### Exercise details
Report each line of the material below where the word "Continuous" can be found.

### Record set
----------------

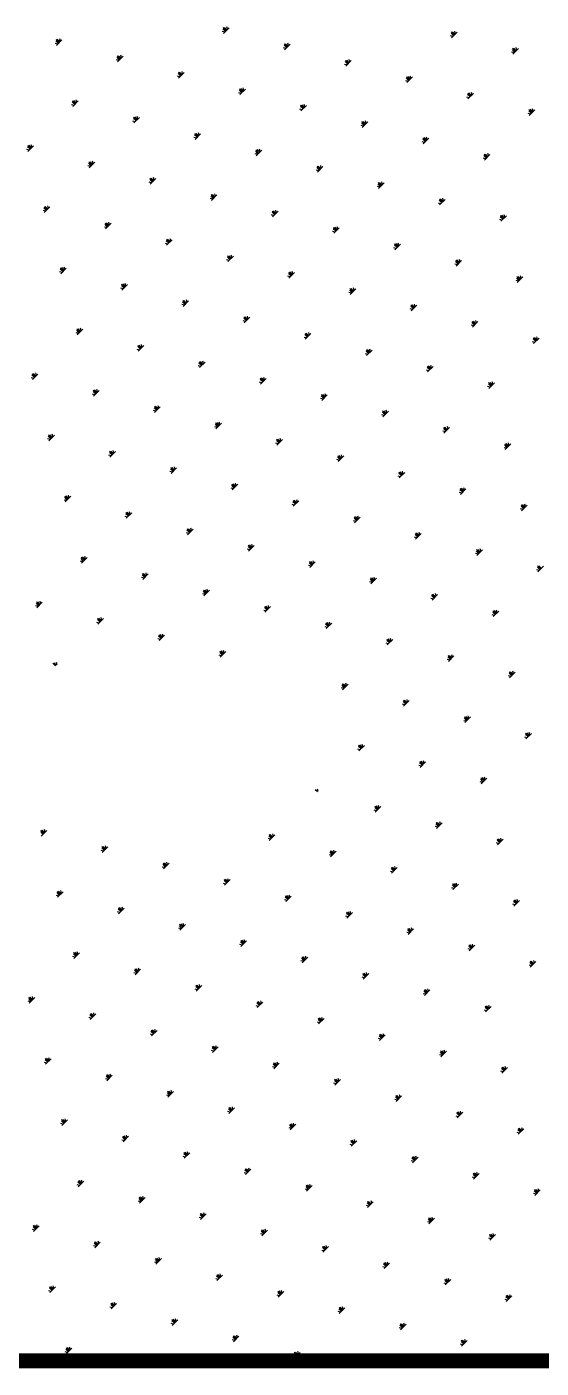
# Model space of a CAD drawing. Header units: millimetres. Extents: x -54.3 to 12.1, y 152.8 to 185.4.
# Drawn here: x -37.246 to -36.214, y 170.842 to 173.533 of the extents above; entities that cross this region are included whole.
import ezdxf

# ---------------------------------------------------------------- set-up
doc = ezdxf.new("R2010")
doc.units = ezdxf.units.MM
doc.header["$LTSCALE"] = 2
doc.layers.add('ALFOMBRA', color=101, linetype='Continuous')
doc.layers.add('MUROS', color=30, linetype='Continuous')

msp = doc.modelspace()

# ---------------------------------------------------------------- linework, layer by layer
at = {"layer": 'ALFOMBRA'}
for p, q in [((-36.8492, 173.5222), (-36.8541, 173.5235)), ((-36.8482, 173.5244), (-36.8527, 173.5289)), ((-36.8468, 173.5258), (-36.8524, 173.5315)), ((-36.8518, 173.5197), (-36.8406, 173.5309)), ((-36.8454, 173.5272), (-36.8499, 173.5317)), ((-36.8438, 173.528), (-36.8451, 173.5329)), ((-36.3913, 173.5133), (-36.3962, 173.5147)), ((-36.3904, 173.5156), (-36.3949, 173.5201)), ((-36.389, 173.517), (-36.3946, 173.5226)), ((-36.394, 173.5109), (-36.3828, 173.5221)), ((-36.3876, 173.5184), (-36.3921, 173.5229)), ((-36.3859, 173.5192), (-36.3873, 173.5241)), ((-37.1843, 173.4981), (-37.1892, 173.4994)), ((-37.1833, 173.5004), (-37.1878, 173.5049)), ((-37.1819, 173.5018), (-37.1876, 173.5074)), ((-37.187, 173.4956), (-37.1758, 173.5068)), ((-37.1805, 173.5032), (-37.185, 173.5077)), ((-37.1789, 173.504), (-37.1802, 173.5089)), ((-36.7265, 173.4893), (-36.7314, 173.4906)), ((-36.7255, 173.4916), (-36.73, 173.4961)), ((-36.7241, 173.493), (-36.7297, 173.4986)), ((-36.7292, 173.4868), (-36.718, 173.498)), ((-36.7227, 173.4944), (-36.7272, 173.4989)), ((-36.7211, 173.4952), (-36.7224, 173.5001)), ((-36.2677, 173.4828), (-36.2722, 173.4873)), ((-36.2663, 173.4842), (-36.2719, 173.4898)), ((-36.2714, 173.478), (-36.2601, 173.4892)), ((-36.2649, 173.4856), (-36.2694, 173.4901)), ((-36.2633, 173.4863), (-36.2646, 173.4913)), ((-37.0616, 173.4652), (-37.0665, 173.4665)), ((-37.0607, 173.4675), (-37.0652, 173.472)), ((-37.0593, 173.4689), (-37.0649, 173.4745)), ((-37.0643, 173.4627), (-37.0531, 173.474)), ((-37.0579, 173.4703), (-37.0624, 173.4748)), ((-37.0562, 173.4711), (-37.0576, 173.476)), ((-36.6038, 173.4564), (-36.6087, 173.4577)), ((-36.6029, 173.4587), (-36.6073, 173.4632)), ((-36.6014, 173.4601), (-36.6071, 173.4657)), ((-36.6065, 173.4539), (-36.5953, 173.4652)), ((-36.6, 173.4615), (-36.6045, 173.466)), ((-36.5984, 173.4623), (-36.5997, 173.4672)), ((-36.2687, 173.4805), (-36.2736, 173.4818)), ((-36.939, 173.4324), (-36.9439, 173.4337)), ((-36.938, 173.4346), (-36.9425, 173.4391)), ((-36.9366, 173.436), (-36.9422, 173.4417)), ((-36.9417, 173.4299), (-36.9304, 173.4411)), ((-36.9352, 173.4374), (-36.9397, 173.4419)), ((-36.9336, 173.4382), (-36.9349, 173.4431)), ((-36.4802, 173.4258), (-36.4847, 173.4303)), ((-36.4788, 173.4272), (-36.4844, 173.4328)), ((-36.4838, 173.4211), (-36.4726, 173.4323)), ((-36.4774, 173.4286), (-36.4819, 173.4331)), ((-36.4757, 173.4294), (-36.4771, 173.4343)), ((-36.8153, 173.4018), (-36.8198, 173.4063)), ((-36.8139, 173.4032), (-36.8195, 173.4088)), ((-36.819, 173.397), (-36.8078, 173.4082)), ((-36.8125, 173.4046), (-36.817, 173.4091)), ((-36.8109, 173.4054), (-36.8122, 173.4103)), ((-36.4811, 173.4235), (-36.486, 173.4249)), ((-37.1514, 173.3754), (-37.1563, 173.3767)), ((-37.1505, 173.3777), (-37.155, 173.3822)), ((-37.1491, 173.3791), (-37.1547, 173.3847)), ((-37.1541, 173.3729), (-37.1429, 173.3842)), ((-37.1477, 173.3805), (-37.1522, 173.385)), ((-37.146, 173.3813), (-37.1474, 173.3862)), ((-36.8163, 173.3995), (-36.8212, 173.4008)), ((-36.6912, 173.3703), (-36.6969, 173.3759)), ((-36.6963, 173.3641), (-36.6851, 173.3754)), ((-36.6898, 173.3717), (-36.6943, 173.3762)), ((-36.6882, 173.3725), (-36.6895, 173.3774)), ((-36.3585, 173.3907), (-36.3634, 173.392)), ((-36.3575, 173.393), (-36.362, 173.3975)), ((-36.3561, 173.3944), (-36.3617, 173.4)), ((-36.3612, 173.3882), (-36.3499, 173.3994)), ((-36.3547, 173.3958), (-36.3592, 173.4003)), ((-36.3531, 173.3965), (-36.3544, 173.4015)), ((-37.0278, 173.3448), (-37.0323, 173.3493)), ((-37.0264, 173.3462), (-37.032, 173.3519)), ((-37.0315, 173.3401), (-37.0202, 173.3513)), ((-37.025, 173.3476), (-37.0295, 173.3521)), ((-37.0234, 173.3484), (-37.0247, 173.3533)), ((-36.6936, 173.3666), (-36.6985, 173.3679)), ((-36.6927, 173.3689), (-36.6971, 173.3734)), ((-36.2358, 173.3578), (-36.2407, 173.3591)), ((-36.2348, 173.3601), (-36.2393, 173.3646)), ((-36.2334, 173.3615), (-36.239, 173.3671)), ((-36.2385, 173.3553), (-36.2273, 173.3666)), ((-36.232, 173.3629), (-36.2365, 173.3674)), ((-36.2304, 173.3637), (-36.2317, 173.3686)), ((-37.0288, 173.3426), (-37.0337, 173.3439)), ((-36.5709, 173.3337), (-36.5758, 173.3351)), ((-36.57, 173.336), (-36.5745, 173.3405)), ((-36.5686, 173.3374), (-36.5742, 173.343)), ((-36.5736, 173.3313), (-36.5624, 173.3425)), ((-36.5672, 173.3388), (-36.5717, 173.3433)), ((-36.5656, 173.3396), (-36.5669, 173.3445)), ((-37.2389, 173.2893), (-37.2445, 173.2949)), ((-37.2439, 173.2831), (-37.2327, 173.2944)), ((-37.2375, 173.2907), (-37.242, 173.2952)), ((-37.2358, 173.2915), (-37.2372, 173.2964)), ((-36.9061, 173.3097), (-36.911, 173.311)), ((-36.9051, 173.312), (-36.9096, 173.3165)), ((-36.9037, 173.3134), (-36.9093, 173.319)), ((-36.9088, 173.3072), (-36.8976, 173.3184)), ((-36.9023, 173.3148), (-36.9068, 173.3193)), ((-36.9007, 173.3156), (-36.902, 173.3205)), ((-36.4483, 173.3009), (-36.4532, 173.3022)), ((-36.4473, 173.3032), (-36.4518, 173.3076)), ((-36.4459, 173.3046), (-36.4515, 173.3102)), ((-36.451, 173.2984), (-36.4397, 173.3096)), ((-36.4445, 173.306), (-36.449, 173.3105)), ((-36.4429, 173.3067), (-36.4442, 173.3116)), ((-37.2412, 173.2856), (-37.2461, 173.2869)), ((-37.2403, 173.2879), (-37.2448, 173.2924)), ((-36.7834, 173.2768), (-36.7883, 173.2781)), ((-36.7825, 173.2791), (-36.7869, 173.2836)), ((-36.7811, 173.2805), (-36.7867, 173.2861)), ((-36.7861, 173.2743), (-36.7749, 173.2856)), ((-36.7796, 173.2819), (-36.7841, 173.2864)), ((-36.778, 173.2827), (-36.7793, 173.2876)), ((-36.3256, 173.268), (-36.3305, 173.2693)), ((-36.3246, 173.2703), (-36.3291, 173.2748)), ((-36.3232, 173.2717), (-36.3288, 173.2773)), ((-36.3283, 173.2655), (-36.3171, 173.2767)), ((-36.3218, 173.2731), (-36.3263, 173.2776)), ((-36.3202, 173.2739), (-36.3215, 173.2788)), ((-37.1186, 173.2527), (-37.1235, 173.2541)), ((-37.1176, 173.255), (-37.1221, 173.2595)), ((-37.1162, 173.2564), (-37.1218, 173.262)), ((-37.1213, 173.2503), (-37.11, 173.2615)), ((-37.1148, 173.2578), (-37.1193, 173.2623)), ((-37.1132, 173.2586), (-37.1145, 173.2635)), ((-36.6607, 173.2439), (-36.6656, 173.2453)), ((-36.6598, 173.2462), (-36.6643, 173.2507)), ((-36.6584, 173.2476), (-36.664, 173.2532)), ((-36.6634, 173.2415), (-36.6522, 173.2527)), ((-36.657, 173.249), (-36.6615, 173.2535)), ((-36.6554, 173.2498), (-36.6567, 173.2547)), ((-36.9959, 173.2199), (-37.0008, 173.2212)), ((-36.9949, 173.2222), (-36.9994, 173.2267)), ((-36.9935, 173.2236), (-36.9991, 173.2292)), ((-36.9986, 173.2174), (-36.9874, 173.2286)), ((-36.9921, 173.225), (-36.9966, 173.2295)), ((-36.9905, 173.2257), (-36.9918, 173.2307)), ((-36.5371, 173.2134), (-36.5416, 173.2178)), ((-36.5357, 173.2148), (-36.5413, 173.2204)), ((-36.5408, 173.2086), (-36.5295, 173.2198)), ((-36.5343, 173.2162), (-36.5388, 173.2207)), ((-36.5327, 173.2169), (-36.534, 173.2218)), ((-36.8732, 173.187), (-36.8781, 173.1883)), ((-36.8723, 173.1893), (-36.8767, 173.1938)), ((-36.8709, 173.1907), (-36.8765, 173.1963)), ((-36.8759, 173.1845), (-36.8647, 173.1958)), ((-36.8695, 173.1921), (-36.8739, 173.1966)), ((-36.8678, 173.1929), (-36.8691, 173.1978)), ((-36.5381, 173.2111), (-36.543, 173.2124)), ((-36.413, 173.1819), (-36.4186, 173.1875)), ((-36.4181, 173.1757), (-36.4069, 173.1869)), ((-36.4116, 173.1833), (-36.4161, 173.1878)), ((-36.41, 173.1841), (-36.4113, 173.189)), ((-37.2084, 173.1629), (-37.2133, 173.1643)), ((-37.2074, 173.1652), (-37.2119, 173.1697)), ((-37.206, 173.1666), (-37.2116, 173.1722)), ((-37.2111, 173.1605), (-37.1998, 173.1717)), ((-37.2046, 173.168), (-37.2091, 173.1725)), ((-37.203, 173.1688), (-37.2043, 173.1737)), ((-36.7496, 173.1564), (-36.7541, 173.1609)), ((-36.7482, 173.1578), (-36.7538, 173.1634)), ((-36.7532, 173.1517), (-36.742, 173.1629)), ((-36.7468, 173.1592), (-36.7513, 173.1637)), ((-36.7452, 173.16), (-36.7465, 173.1649)), ((-36.4154, 173.1782), (-36.4203, 173.1795)), ((-36.4144, 173.1805), (-36.4189, 173.185)), ((-37.0847, 173.1324), (-37.0892, 173.1368)), ((-37.0833, 173.1338), (-37.0889, 173.1394)), ((-37.0884, 173.1276), (-37.0772, 173.1388)), ((-37.0819, 173.1352), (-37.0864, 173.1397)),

----------------

### Result for this task
doc.layers.add('ALFOMBRA', color=101, linetype='Continuous')
doc.layers.add('MUROS', color=30, linetype='Continuous')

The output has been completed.